Unlike Donald Trump, Chinese President Xi Jinping is not known for caring about stock-market returns. As recently as 2021, the government went ahead with harsh regulatory crackdowns on big tech and real estate developers, ignoring global investors’ bitter complaints.
But there are clear signs that Xi is changing his mind. State-owned institutional investors are pouring billions of dollars in this year. In January, the government said large insurers will need to invest 30% of their new policy premiums in onshore equities. In April, Central Huijin Investment Ltd., a domestic unit of the sovereign fund China Investment Corp., formally established its presence in the market. As of the end of June, Huijin owned 1.3 trillion yuan ($180 billion) of index funds.

So it’s worth asking what prompted the change of heart. Investors are expecting a Xi put — a belief that the state will purchase Chinese stocks in the event of a rout. Will the institutional support be here for the long-run?
Sharp demographic shifts may be forcing Xi’s hand. It took just five years for China to enter a fertility crisis. Only 9.5 million babies were born in 2024, an alarming decline from about 15 million annually before the pandemic. The total fertility rate, or the estimated average number of children a woman will have in her lifetime, tumbled to just 1 in 2023 from 1.8 in 2019.

As a result, the social safety net is becoming impossible to maintain. In 1990, for every new retiree, China had about 3.6 workers entering the labor force. By 2045, that number will fall to 0.4 — there will be only 9 million job entrants starting to contribute to social security, but 21 million who begin to receive pension benefits, according to estimates from Goldman Sachs Group Inc. The tables have turned.
This perhaps explains a slew of new policies to improve the math. China raised the retirement age late last year for the first time since 1978. A recent court ruling closed the loophole small businesses have been using to opt out of mandatory social insurance payments.
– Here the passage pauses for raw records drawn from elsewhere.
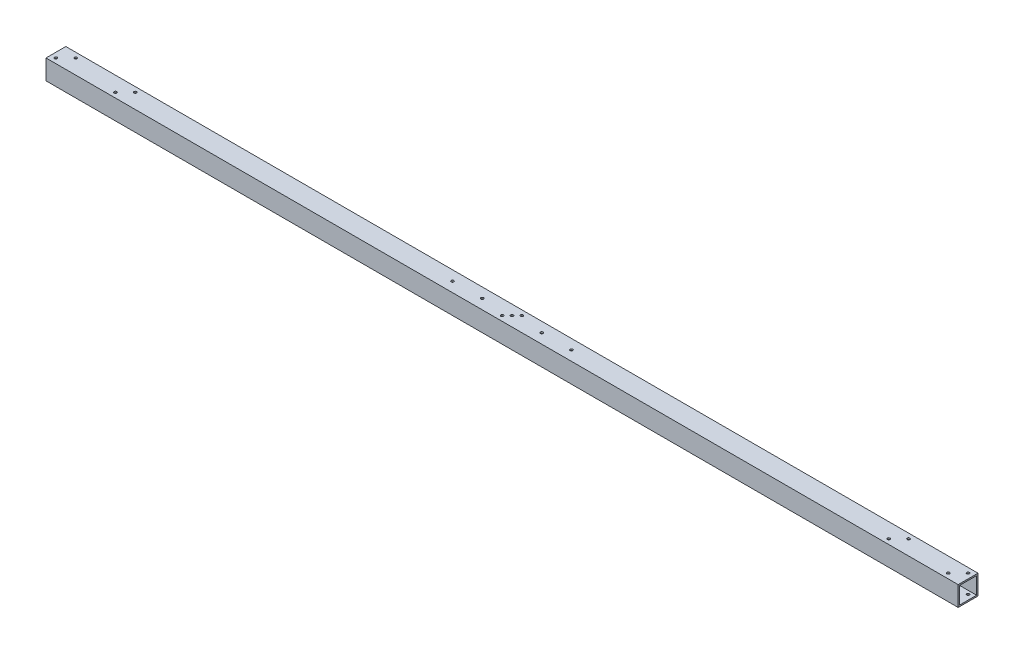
ISO-10303-21;
HEADER;
FILE_DESCRIPTION(('STEP AP214'),'2;1');
FILE_NAME('part.step','',(''),(''),'','','');
FILE_SCHEMA(('AUTOMOTIVE_DESIGN { 1 0 10303 214 1 1 1 1 }'));
ENDSEC;
DATA;
#1=APPLICATION_CONTEXT('core data for automotive mechanical design processes');
#2=APPLICATION_PROTOCOL_DEFINITION('international standard','automotive_design',2000,#1);
#3=PRODUCT_CONTEXT('',#1,'mechanical');
#4=PRODUCT('Part','Part','',(#3));
#5=PRODUCT_RELATED_PRODUCT_CATEGORY('part','',(#4));
#6=PRODUCT_DEFINITION_FORMATION('','',#4);
#7=PRODUCT_DEFINITION_CONTEXT('part definition',#1,'design');
#8=PRODUCT_DEFINITION('design','',#6,#7);
#9=PRODUCT_DEFINITION_SHAPE('','',#8);
#10=(LENGTH_UNIT() NAMED_UNIT(*) SI_UNIT(.MILLI.,.METRE.));
#11=(NAMED_UNIT(*) PLANE_ANGLE_UNIT() SI_UNIT($,.RADIAN.));
#12=(NAMED_UNIT(*) SI_UNIT($,.STERADIAN.) SOLID_ANGLE_UNIT());
#13=UNCERTAINTY_MEASURE_WITH_UNIT(LENGTH_MEASURE(1.E-05),#10,'distance_accuracy_value','');
#14=(GEOMETRIC_REPRESENTATION_CONTEXT(3) GLOBAL_UNCERTAINTY_ASSIGNED_CONTEXT((#13)) GLOBAL_UNIT_ASSIGNED_CONTEXT((#10,
#11,#12)) REPRESENTATION_CONTEXT('',''));
#15=CARTESIAN_POINT('',(0.,0.,0.));
#16=DIRECTION('',(0.,0.,1.));
#17=DIRECTION('',(1.,0.,0.));
#18=AXIS2_PLACEMENT_3D('',#15,#16,#17);
#19=CARTESIAN_POINT('',(2336.8,50.8,0.));
#20=DIRECTION('',(-1.,0.,0.));
#21=DIRECTION('',(0.,0.,1.));
#22=AXIS2_PLACEMENT_3D('',#19,#20,#21);
#23=PLANE('',#22);
#24=DIRECTION('',(0.,-1.,0.));
#25=VECTOR('',#24,1.);
#26=CARTESIAN_POINT('',(2336.8,0.,0.));
#27=LINE('',#26,#25);
#28=CARTESIAN_POINT('',(2336.8,50.8,0.));
#29=VERTEX_POINT('',#28);
#30=CARTESIAN_POINT('',(2336.8,0.,0.));
#31=VERTEX_POINT('',#30);
#32=EDGE_CURVE('E135',#29,#31,#27,.T.);
#33=ORIENTED_EDGE('',*,*,#32,.T.);
#34=DIRECTION('',(0.,0.,-1.));
#35=VECTOR('',#34,1.);
#36=CARTESIAN_POINT('',(2336.8,0.,0.));
#37=LINE('',#36,#35);
#38=CARTESIAN_POINT('',(2336.8,0.,-50.8));
#39=VERTEX_POINT('',#38);
#40=EDGE_CURVE('E138',#31,#39,#37,.T.);
#41=ORIENTED_EDGE('',*,*,#40,.T.);
#42=DIRECTION('',(0.,1.,0.));
#43=VECTOR('',#42,1.);
#44=CARTESIAN_POINT('',(2336.8,0.,-50.8));
#45=LINE('',#44,#43);
#46=CARTESIAN_POINT('',(2336.8,50.8,-50.8));
#47=VERTEX_POINT('',#46);
#48=EDGE_CURVE('E141',#39,#47,#45,.T.);
#49=ORIENTED_EDGE('',*,*,#48,.T.);
#50=DIRECTION('',(0.,0.,1.));
#51=VECTOR('',#50,1.);
#52=CARTESIAN_POINT('',(2336.8,50.8,0.));
#53=LINE('',#52,#51);
#54=EDGE_CURVE('E143',#47,#29,#53,.T.);
#55=ORIENTED_EDGE('',*,*,#54,.T.);
#56=EDGE_LOOP('',(#33,#41,#49,#55));
#57=FACE_BOUND('',#56,.T.);
#58=DIRECTION('',(0.,-1.,0.));
#59=VECTOR('',#58,1.);
#60=CARTESIAN_POINT('',(2336.8,47.1424,-3.6576));
#61=LINE('',#60,#59);
#62=CARTESIAN_POINT('',(2336.8,47.1424,-3.6576));
#63=VERTEX_POINT('',#62);
#64=CARTESIAN_POINT('',(2336.8,3.6576,-3.6576));
#65=VERTEX_POINT('',#64);
#66=EDGE_CURVE('E97',#63,#65,#61,.T.);
#67=ORIENTED_EDGE('',*,*,#66,.F.);
#68=DIRECTION('',(0.,0.,1.));
#69=VECTOR('',#68,1.);
#70=CARTESIAN_POINT('',(2336.8,47.1424,-3.6576));
#71=LINE('',#70,#69);
#72=CARTESIAN_POINT('',(2336.8,47.1424,-47.1424));
#73=VERTEX_POINT('',#72);
#74=EDGE_CURVE('E119',#73,#63,#71,.T.);
#75=ORIENTED_EDGE('',*,*,#74,.F.);
#76=DIRECTION('',(0.,1.,0.));
#77=VECTOR('',#76,1.);
#78=CARTESIAN_POINT('',(2336.8,47.1424,-47.1424));
#79=LINE('',#78,#77);
#80=CARTESIAN_POINT('',(2336.8,3.6576,-47.1424));
#81=VERTEX_POINT('',#80);
#82=EDGE_CURVE('E117',#81,#73,#79,.T.);
#83=ORIENTED_EDGE('',*,*,#82,.F.);
#84=DIRECTION('',(0.,0.,-1.));
#85=VECTOR('',#84,1.);
#86=CARTESIAN_POINT('',(2336.8,3.6576,-3.6576));
#87=LINE('',#86,#85);
#88=EDGE_CURVE('E105',#65,#81,#87,.T.);
#89=ORIENTED_EDGE('',*,*,#88,.F.);
#90=EDGE_LOOP('',(#67,#75,#83,#89));
#91=FACE_BOUND('',#90,.T.);
#92=ADVANCED_FACE('F30',(#57,#91),#23,.F.);
#93=CARTESIAN_POINT('',(0.,50.8,0.));
#94=DIRECTION('',(-1.,0.,0.));
#95=DIRECTION('',(0.,0.,1.));
#96=AXIS2_PLACEMENT_3D('',#93,#94,#95);
#97=PLANE('',#96);
#98=DIRECTION('',(0.,-1.,0.));
#99=VECTOR('',#98,1.);
#100=CARTESIAN_POINT('',(0.,0.,0.));
#101=LINE('',#100,#99);
#102=CARTESIAN_POINT('',(0.,50.8,0.));
#103=VERTEX_POINT('',#102);
#104=CARTESIAN_POINT('',(0.,0.,0.));
#105=VERTEX_POINT('',#104);
#106=EDGE_CURVE('E113',#103,#105,#101,.T.);
#107=ORIENTED_EDGE('',*,*,#106,.F.);
#108=DIRECTION('',(0.,0.,1.));
#109=VECTOR('',#108,1.);
#110=CARTESIAN_POINT('',(0.,50.8,0.));
#111=LINE('',#110,#109);
#112=CARTESIAN_POINT('',(0.,50.8,-50.8));
#113=VERTEX_POINT('',#112);
#114=EDGE_CURVE('E139',#113,#103,#111,.T.);
#115=ORIENTED_EDGE('',*,*,#114,.F.);
#116=DIRECTION('',(0.,1.,0.));
#117=VECTOR('',#116,1.);
#118=CARTESIAN_POINT('',(0.,0.,-50.8));
#119=LINE('',#118,#117);
#120=CARTESIAN_POINT('',(0.,0.,-50.8));
#121=VERTEX_POINT('',#120);
#122=EDGE_CURVE('E150',#121,#113,#119,.T.);
#123=ORIENTED_EDGE('',*,*,#122,.F.);
#124=DIRECTION('',(0.,0.,-1.));
#125=VECTOR('',#124,1.);
#126=CARTESIAN_POINT('',(0.,0.,0.));
#127=LINE('',#126,#125);
#128=EDGE_CURVE('E148',#105,#121,#127,.T.);
#129=ORIENTED_EDGE('',*,*,#128,.F.);
#130=EDGE_LOOP('',(#107,#115,#123,#129));
#131=FACE_BOUND('',#130,.T.);
#132=DIRECTION('',(0.,0.,1.));
#133=VECTOR('',#132,1.);
#134=CARTESIAN_POINT('',(0.,47.1424,-3.6576));
#135=LINE('',#134,#133);
#136=CARTESIAN_POINT('',(0.,47.1424,-47.1424));
#137=VERTEX_POINT('',#136);
#138=CARTESIAN_POINT('',(0.,47.1424,-3.6576));
#139=VERTEX_POINT('',#138);
#140=EDGE_CURVE('E106',#137,#139,#135,.T.);
#141=ORIENTED_EDGE('',*,*,#140,.T.);
#142=DIRECTION('',(0.,-1.,0.));
#143=VECTOR('',#142,1.);
#144=CARTESIAN_POINT('',(0.,47.1424,-3.6576));
#145=LINE('',#144,#143);
#146=CARTESIAN_POINT('',(0.,3.6576,-3.6576));
#147=VERTEX_POINT('',#146);
#148=EDGE_CURVE('E55',#139,#147,#145,.T.);
#149=ORIENTED_EDGE('',*,*,#148,.T.);
#150=DIRECTION('',(0.,0.,-1.));
#151=VECTOR('',#150,1.);
#152=CARTESIAN_POINT('',(0.,3.6576,-3.6576));
#153=LINE('',#152,#151);
#154=CARTESIAN_POINT('',(0.,3.6576,-47.1424));
#155=VERTEX_POINT('',#154);
#156=EDGE_CURVE('E112',#147,#155,#153,.T.);
#157=ORIENTED_EDGE('',*,*,#156,.T.);
#158=DIRECTION('',(0.,1.,0.));
#159=VECTOR('',#158,1.);
#160=CARTESIAN_POINT('',(0.,47.1424,-47.1424));
#161=LINE('',#160,#159);
#162=EDGE_CURVE('E127',#155,#137,#161,.T.);
#163=ORIENTED_EDGE('',*,*,#162,.T.);
#164=EDGE_LOOP('',(#141,#149,#157,#163));
#165=FACE_BOUND('',#164,.T.);
#166=ADVANCED_FACE('F352',(#131,#165),#97,.T.);
#167=CARTESIAN_POINT('',(2336.8,0.,0.));
#168=DIRECTION('',(0.,0.,-1.));
#169=DIRECTION('',(-1.,0.,0.));
#170=AXIS2_PLACEMENT_3D('',#167,#168,#169);
#171=PLANE('',#170);
#172=ORIENTED_EDGE('',*,*,#106,.T.);
#173=DIRECTION('',(-1.,0.,0.));
#174=VECTOR('',#173,1.);
#175=CARTESIAN_POINT('',(2336.8,0.,0.));
#176=LINE('',#175,#174);
#177=EDGE_CURVE('E11',#31,#105,#176,.T.);
#178=ORIENTED_EDGE('',*,*,#177,.F.);
#179=ORIENTED_EDGE('',*,*,#32,.F.);
#180=DIRECTION('',(-1.,0.,0.));
#181=VECTOR('',#180,1.);
#182=CARTESIAN_POINT('',(2336.8,50.8,0.));
#183=LINE('',#182,#181);
#184=EDGE_CURVE('E145',#29,#103,#183,.T.);
#185=ORIENTED_EDGE('',*,*,#184,.T.);
#186=EDGE_LOOP('',(#172,#178,#179,#185));
#187=FACE_BOUND('',#186,.T.);
#188=ADVANCED_FACE('F32',(#187),#171,.F.);
#189=CARTESIAN_POINT('',(2336.8,0.,0.));
#190=DIRECTION('',(0.,1.,0.));
#191=DIRECTION('',(0.,0.,1.));
#192=AXIS2_PLACEMENT_3D('',#189,#190,#191);
#193=PLANE('',#192);
#194=CARTESIAN_POINT('',(1181.09892463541,0.,-38.1000000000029));
#195=DIRECTION('',(0.,1.,0.));
#196=DIRECTION('',(0.,0.,1.));
#197=AXIS2_PLACEMENT_3D('',#194,#195,#196);
#198=CIRCLE('',#197,3.37312000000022);
#199=CARTESIAN_POINT('',(1181.09892463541,0.,-34.7268800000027));
#200=VERTEX_POINT('',#199);
#201=EDGE_CURVE('E376',#200,#200,#198,.T.);
#202=ORIENTED_EDGE('',*,*,#201,.T.);
#203=EDGE_LOOP('',(#202));
#204=FACE_BOUND('',#203,.T.);
#205=CARTESIAN_POINT('',(1155.69892463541,0.,-12.7000000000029));
#206=DIRECTION('',(0.,1.,0.));
#207=DIRECTION('',(0.,0.,1.));
#208=AXIS2_PLACEMENT_3D('',#205,#206,#207);
#209=CIRCLE('',#208,3.37312000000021);
#210=CARTESIAN_POINT('',(1155.69892463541,0.,-9.32688000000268));
#211=VERTEX_POINT('',#210);
#212=EDGE_CURVE('E226',#211,#211,#209,.T.);
#213=ORIENTED_EDGE('',*,*,#212,.T.);
#214=EDGE_LOOP('',(#213));
#215=FACE_BOUND('',#214,.T.);
#216=CARTESIAN_POINT('',(2171.7,0.,-38.1000000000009));
#217=DIRECTION('',(0.,1.,0.));
#218=DIRECTION('',(0.,0.,1.));
#219=AXIS2_PLACEMENT_3D('',#216,#217,#218);
#220=CIRCLE('',#219,3.3731200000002);
#221=CARTESIAN_POINT('',(2171.7,0.,-34.7268800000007));
#222=VERTEX_POINT('',#221);
#223=EDGE_CURVE('E222',#222,#222,#220,.T.);
#224=ORIENTED_EDGE('',*,*,#223,.T.);
#225=EDGE_LOOP('',(#224));
#226=FACE_BOUND('',#225,.T.);
#227=CARTESIAN_POINT('',(2146.3,0.,-12.7000000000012));
#228=DIRECTION('',(0.,1.,0.));
#229=DIRECTION('',(0.,0.,1.));
#230=AXIS2_PLACEMENT_3D('',#227,#228,#229);
#231=CIRCLE('',#230,3.3731200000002);
#232=CARTESIAN_POINT('',(2146.3,0.,-9.32688000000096));
#233=VERTEX_POINT('',#232);
#234=EDGE_CURVE('E218',#233,#233,#231,.T.);
#235=ORIENTED_EDGE('',*,*,#234,.T.);
#236=EDGE_LOOP('',(#235));
#237=FACE_BOUND('',#236,.T.);
#238=CARTESIAN_POINT('',(1320.79892463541,0.,-25.400000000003));
#239=DIRECTION('',(0.,-1.,0.));
#240=DIRECTION('',(0.,0.,-1.));
#241=AXIS2_PLACEMENT_3D('',#238,#239,#240);
#242=CIRCLE('',#241,3.37311999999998);
#243=CARTESIAN_POINT('',(1320.79892463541,0.,-28.773120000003));
#244=VERTEX_POINT('',#243);
#245=EDGE_CURVE('E256',#244,#244,#242,.T.);
#246=ORIENTED_EDGE('',*,*,#245,.F.);
#247=EDGE_LOOP('',(#246));
#248=FACE_BOUND('',#247,.T.);
#249=CARTESIAN_POINT('',(1244.59892463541,0.,-25.4000000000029));
#250=DIRECTION('',(0.,-1.,0.));
#251=DIRECTION('',(0.,0.,-1.));
#252=AXIS2_PLACEMENT_3D('',#249,#250,#251);
#253=CIRCLE('',#252,3.37311999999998);
#254=CARTESIAN_POINT('',(1244.59892463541,0.,-28.7731200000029));
#255=VERTEX_POINT('',#254);
#256=EDGE_CURVE('E263',#255,#255,#253,.T.);
#257=ORIENTED_EDGE('',*,*,#256,.F.);
#258=EDGE_LOOP('',(#257));
#259=FACE_BOUND('',#258,.T.);
#260=CARTESIAN_POINT('',(1015.99892463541,0.,-25.4000000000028));
#261=DIRECTION('',(0.,-1.,0.));
#262=DIRECTION('',(0.,0.,-1.));
#263=AXIS2_PLACEMENT_3D('',#260,#261,#262);
#264=CIRCLE('',#263,3.37311999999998);
#265=CARTESIAN_POINT('',(1015.99892463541,0.,-28.7731200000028));
#266=VERTEX_POINT('',#265);
#267=EDGE_CURVE('E270',#266,#266,#264,.T.);
#268=ORIENTED_EDGE('',*,*,#267,.F.);
#269=EDGE_LOOP('',(#268));
#270=FACE_BOUND('',#269,.T.);
#271=CARTESIAN_POINT('',(1092.19892463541,0.,-25.4000000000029));
#272=DIRECTION('',(0.,-1.,0.));
#273=DIRECTION('',(0.,0.,-1.));
#274=AXIS2_PLACEMENT_3D('',#271,#272,#273);
#275=CIRCLE('',#274,3.37311999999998);
#276=CARTESIAN_POINT('',(1092.19892463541,0.,-28.7731200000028));
#277=VERTEX_POINT('',#276);
#278=EDGE_CURVE('E277',#277,#277,#275,.T.);
#279=ORIENTED_EDGE('',*,*,#278,.F.);
#280=EDGE_LOOP('',(#279));
#281=FACE_BOUND('',#280,.T.);
#282=CARTESIAN_POINT('',(1168.39892463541,0.,-25.4000000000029));
#283=DIRECTION('',(0.,-1.,0.));
#284=DIRECTION('',(0.,0.,-1.));
#285=AXIS2_PLACEMENT_3D('',#282,#283,#284);
#286=CIRCLE('',#285,3.37311999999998);
#287=CARTESIAN_POINT('',(1168.39892463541,0.,-28.7731200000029));
#288=VERTEX_POINT('',#287);
#289=EDGE_CURVE('E284',#288,#288,#286,.T.);
#290=ORIENTED_EDGE('',*,*,#289,.F.);
#291=EDGE_LOOP('',(#290));
#292=FACE_BOUND('',#291,.T.);
#293=CARTESIAN_POINT('',(165.1,0.,-12.7));
#294=DIRECTION('',(0.,1.,0.));
#295=DIRECTION('',(0.,0.,1.));
#296=AXIS2_PLACEMENT_3D('',#293,#294,#295);
#297=CIRCLE('',#296,3.37312000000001);
#298=CARTESIAN_POINT('',(165.1,0.,-9.32687999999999));
#299=VERTEX_POINT('',#298);
#300=EDGE_CURVE('E188',#299,#299,#297,.T.);
#301=ORIENTED_EDGE('',*,*,#300,.T.);
#302=EDGE_LOOP('',(#301));
#303=FACE_BOUND('',#302,.T.);
#304=CARTESIAN_POINT('',(190.5,0.,-38.1));
#305=DIRECTION('',(0.,1.,0.));
#306=DIRECTION('',(0.,0.,1.));
#307=AXIS2_PLACEMENT_3D('',#304,#305,#306);
#308=CIRCLE('',#307,3.37312000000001);
#309=CARTESIAN_POINT('',(190.5,0.,-34.72688));
#310=VERTEX_POINT('',#309);
#311=EDGE_CURVE('E183',#310,#310,#308,.T.);
#312=ORIENTED_EDGE('',*,*,#311,.T.);
#313=EDGE_LOOP('',(#312));
#314=FACE_BOUND('',#313,.T.);
#315=CARTESIAN_POINT('',(2298.7,0.,-12.7));
#316=DIRECTION('',(0.,1.,0.));
#317=DIRECTION('',(0.,0.,1.));
#318=AXIS2_PLACEMENT_3D('',#315,#316,#317);
#319=CIRCLE('',#318,3.3731200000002);
#320=CARTESIAN_POINT('',(2298.7,0.,-9.32687999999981));
#321=VERTEX_POINT('',#320);
#322=EDGE_CURVE('E178',#321,#321,#319,.T.);
#323=ORIENTED_EDGE('',*,*,#322,.T.);
#324=EDGE_LOOP('',(#323));
#325=FACE_BOUND('',#324,.T.);
#326=CARTESIAN_POINT('',(2324.1,0.,-38.1));
#327=DIRECTION('',(0.,1.,0.));
#328=DIRECTION('',(0.,0.,1.));
#329=AXIS2_PLACEMENT_3D('',#326,#327,#328);
#330=CIRCLE('',#329,3.37312000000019);
#331=CARTESIAN_POINT('',(2324.1,0.,-34.7268799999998));
#332=VERTEX_POINT('',#331);
#333=EDGE_CURVE('E173',#332,#332,#330,.T.);
#334=ORIENTED_EDGE('',*,*,#333,.T.);
#335=EDGE_LOOP('',(#334));
#336=FACE_BOUND('',#335,.T.);
#337=CARTESIAN_POINT('',(38.1,0.,-38.1));
#338=DIRECTION('',(0.,1.,0.));
#339=DIRECTION('',(0.,0.,1.));
#340=AXIS2_PLACEMENT_3D('',#337,#338,#339);
#341=CIRCLE('',#340,3.37312);
#342=CARTESIAN_POINT('',(38.1,0.,-34.72688));
#343=VERTEX_POINT('',#342);
#344=EDGE_CURVE('E168',#343,#343,#341,.T.);
#345=ORIENTED_EDGE('',*,*,#344,.T.);
#346=EDGE_LOOP('',(#345));
#347=FACE_BOUND('',#346,.T.);
#348=CARTESIAN_POINT('',(12.7,0.,-12.7));
#349=DIRECTION('',(0.,1.,0.));
#350=DIRECTION('',(0.,0.,1.));
#351=AXIS2_PLACEMENT_3D('',#348,#349,#350);
#352=CIRCLE('',#351,3.37312);
#353=CARTESIAN_POINT('',(12.7,0.,-9.32688));
#354=VERTEX_POINT('',#353);
#355=EDGE_CURVE('E163',#354,#354,#352,.T.);
#356=ORIENTED_EDGE('',*,*,#355,.T.);
#357=EDGE_LOOP('',(#356));
#358=FACE_BOUND('',#357,.T.);
#359=ORIENTED_EDGE('',*,*,#128,.T.);
#360=DIRECTION('',(-1.,0.,0.));
#361=VECTOR('',#360,1.);
#362=CARTESIAN_POINT('',(2336.8,0.,-50.8));
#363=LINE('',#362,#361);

And new child subsidies — 3,600 yuan a year per child under the age three — will be handed out to boost birthrates.
But these measures alone are not enough to unburden a stressed pension system. China’s social security has achieved near universal coverage, with more than 1 billion people included. That accomplishment also comes at a great cost, however. The government has been subsidizing state pensions for at least a decade. In 2023, the total reached 1.7 trillion yuan, or 6.4% of fiscal expenditure.
Even with state subsidies, millions of baby boomers don’t have enough to enjoy their golden years. Urban salaried workers are covered under the employee insurance, a defined-benefit plan that pays out a percentage of pre-retirement income. It distributed an average 45,000 yuan per person in 2023. But many others, including those in rural areas or who don’t have full-time jobs, are only enrolled in the so-called resident insurance, which disbursed a dismal 2,671 yuan that year.
This is why the stock market will be increasingly important as Chinese society ages. The US offers an enviable example. Those born between 1946 and 1964, the first generation to be offered 401(k) pension plans when they started work, have more money than anyone else, because of the soaring value of stock portfolios and homes. Many don’t rely on the social security check, which averages $2,000 a month, for a living — and won’t complain if annual retirement payment increases are small.
China is certainly keen to replicate that recipe, especially now that the housing market is in a prolonged downturn. Late last year, the government rolled out its version of an Individual Retirement Account, or IRA, nationwide, which allows people to invest up to 12,000 yuan a year tax-free. But will they bother to enroll if the stock market is perpetually in bear territory? Similarly, the state pension system might become more self-reliant if social security funds can notch better capital gains.
The so-called TACO trade, betting that Trump will eventually chicken out of market-unfriendly policies, is popular this year. This is because the US president has long seen the S&P 500’s performance as a proxy for his approval rating. Xi, serving an unprecedented third term, doesn’t have to worry about that. However, he does have a fiscal book to balance, perhaps for decades to come.
In the future, when one worker has to support three pensioners, equity returns will be very important. Xi has no choice but to love the stock market.